Even though RT-PCR is technically more difficult to perform and more expensive than ELISA, it has the ability to allow for the detection of low viral loads. RT-PCR is considered to be 102 to 105 fold more sensitive than traditional ELISA. RT-PCR also allows for the detection of several viral targets in the same reaction through the use of several primer combinations. This is called multiplexing. Although multiplexing is technically more demanding than a traditional simplex reaction it allows for a higher throughput in that a single sample can be tested for several viral strains in a single reaction. Primers used for multiplexing are chosen in such a manner that they result in amplicons of various sizes. This allows for post RT-PCR analysis using gel electrophoresis. Although RT-PCR saves time, allows for multiplexing and is more sensitive than ELISA, the reagents and instrumentation needed are expensive and require a higher level of technical expertise.

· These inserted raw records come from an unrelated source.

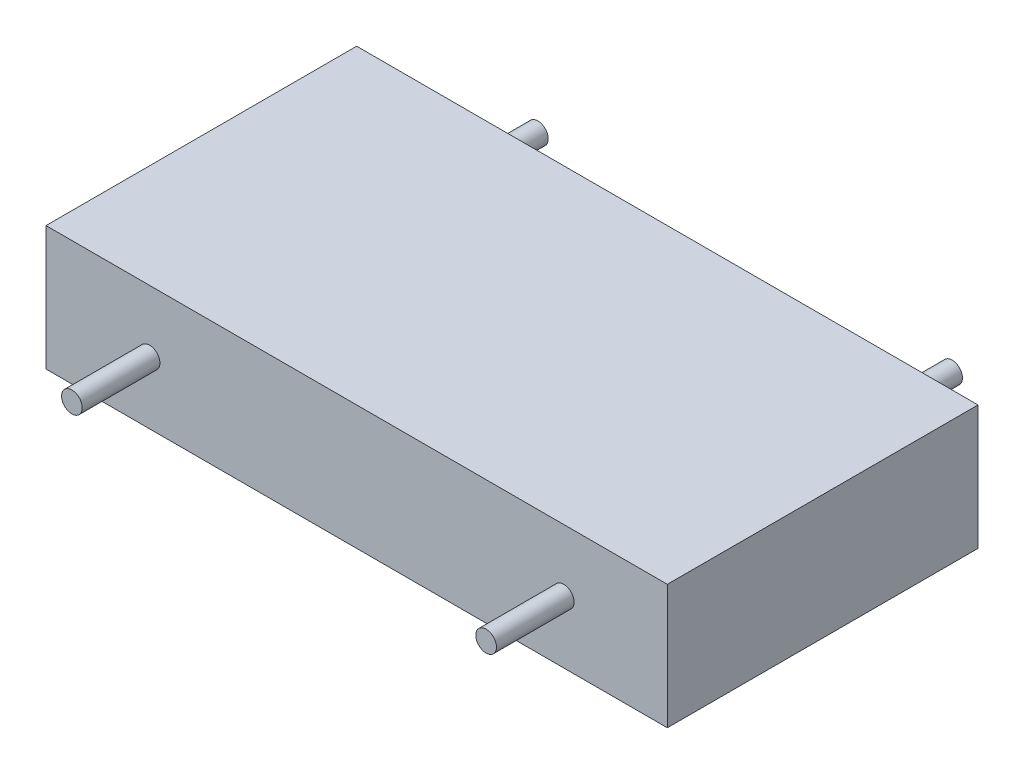
from build123d import *

# Parameters (mm, degrees)
SKETCH1_W           = 600
SKETCH1_H           = 300
BOSS_EXTRUDE1_DEPTH = 120
SKETCH3_R           = 10
BOSS_EXTRUDE3_DEPTH = 75
BOSS_EXTRUDE4_START = 75
SKETCH2_R           = 10
BOSS_EXTRUDE4_DEPTH = 75


with BuildPart() as part:
    # Sketch1 → Boss-Extrude1 (new body)
    with BuildSketch(Plane(origin=(0, 0, 0), x_dir=(1, 0, 0), z_dir=(0, 1, 0))):
        Rectangle(SKETCH1_W, SKETCH1_H)
    extrude(amount=BOSS_EXTRUDE1_DEPTH)

    # Sketch3 → Boss-Extrude3 (add)
    with BuildSketch(Plane.XY.offset(150)):
        with Locations(Location((-200, 60, 0), (0, 0, 180))):
            Circle(SKETCH3_R)
        with Locations(Location((200, 60, 0), (0, 0, 180))):
            Circle(SKETCH3_R)
    extrude(amount=BOSS_EXTRUDE3_DEPTH)

    # Sketch2 → Boss-Extrude4 (add)
    with BuildSketch(Plane(origin=(0, 0, -150), x_dir=(-1, 0, 0), z_dir=(0, 0, -1)).offset(BOSS_EXTRUDE4_START)):
        with Locations((-200, 60)):
            Circle(SKETCH2_R)
        with Locations((200, 60)):
            Circle(SKETCH2_R)
    extrude(amount=-BOSS_EXTRUDE4_DEPTH)


solid = part.part
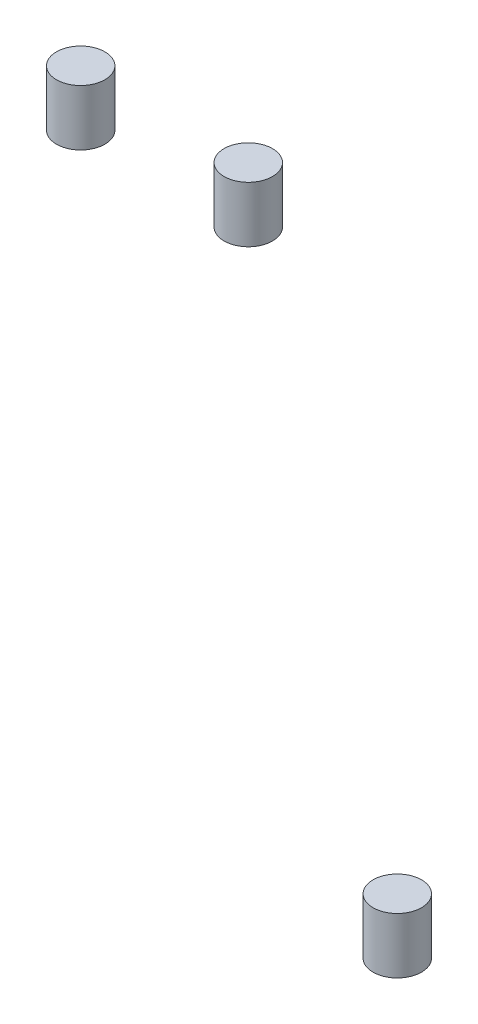
from build123d import *

# Parameters (mm, degrees)
BOSS_EXTRUDE1_START = 1750
SKETCH1_R           = 130
BOSS_EXTRUDE1_DEPTH = 300
BOSS_EXTRUDE2_START = 1750
SKETCH2_R           = 130
BOSS_EXTRUDE2_DEPTH = 300
BOSS_EXTRUDE3_START = -2050
SKETCH3_R           = 130
BOSS_EXTRUDE3_DEPTH = 300


with BuildPart() as part:
    # Sketch1 → Boss-Extrude1 (new body)
    with BuildSketch(Plane(origin=(0, 0, 0), x_dir=(1, 0, 0), z_dir=(0, 1, 0)).offset(BOSS_EXTRUDE1_START)):
        with Locations(Location((450, -400, 0), (0, 0, 270))):
            Circle(SKETCH1_R)
    extrude(amount=BOSS_EXTRUDE1_DEPTH)


with BuildPart() as body_2:
    # Sketch2 → Boss-Extrude2 (new body)
    with BuildSketch(Plane(origin=(0, 0, 0), x_dir=(1, 0, 0), z_dir=(0, 1, 0)).offset(BOSS_EXTRUDE2_START)):
        with Locations(Location((-450, -400, 0), (0, 0, 270))):
            Circle(SKETCH2_R)
    extrude(amount=BOSS_EXTRUDE2_DEPTH)


with BuildPart() as body_3:
    # Sketch3 → Boss-Extrude3 (new body)
    with BuildSketch(Plane(origin=(0, 0, 0), x_dir=(1, 0, 0), z_dir=(0, 1, 0)).offset(BOSS_EXTRUDE3_START)):
        with Locations(Location((450, 400, 0), (0, 0, 270))):
            Circle(SKETCH3_R)
    extrude(amount=BOSS_EXTRUDE3_DEPTH)


solid = Compound([part.part, body_2.part, body_3.part])

Also, end product analysis using gel electrophoresis is laborious, relatively more expensive, time-consuming and does not lend itself to automation. For these reasons the use of RT-PCR for routine screening is not feasible and has not replaced ELISA. It does, however, provide the industry with the opportunity to screen borderline cases, especially in the case of seed potato certification.

===Quantitative PCR===
In most traditional PCRs the resulting products are analyzed after the PCR has been completed. This is called end-point analysis and is normally qualitative of nature rather than being quantitative. For this sort of analysis, products are mostly analyzed on an agarose gel and visualized using ethidium bromide as a fluorescent dye. Direct correlation between signal strength and initial sample concentration is not possible using end-point analysis since PCR efficiency decreases as the reaction nears the plateau phase. Quantitative PCR, however, offers an accurate and rapid alternative to traditional PCR. Quantitative PCR offers the researcher the opportunity to amplify and analyze the product in a single tube using fluorescent dyes. This is known as homogeneous PCR. During a quantitative PCR the increase in fluorescence is correlated with the increase in product. Through the use of different specific, dyes quantitative PCR can be used to distinguish between different strains of a virus and even to detect point mutations. The major advantage of quantitative PCR is that analysis of resulting products using gel electrophoresis is not required. This means that quantitative PCR can be implemented as a high-throughput technique for sample screening.

Quantitative PCR has been described for detection and discrimination of PVY^{O} and PVY^{N} isolates and for reliable discrimination between PVY^{NTN} and PVY^{N} isolates.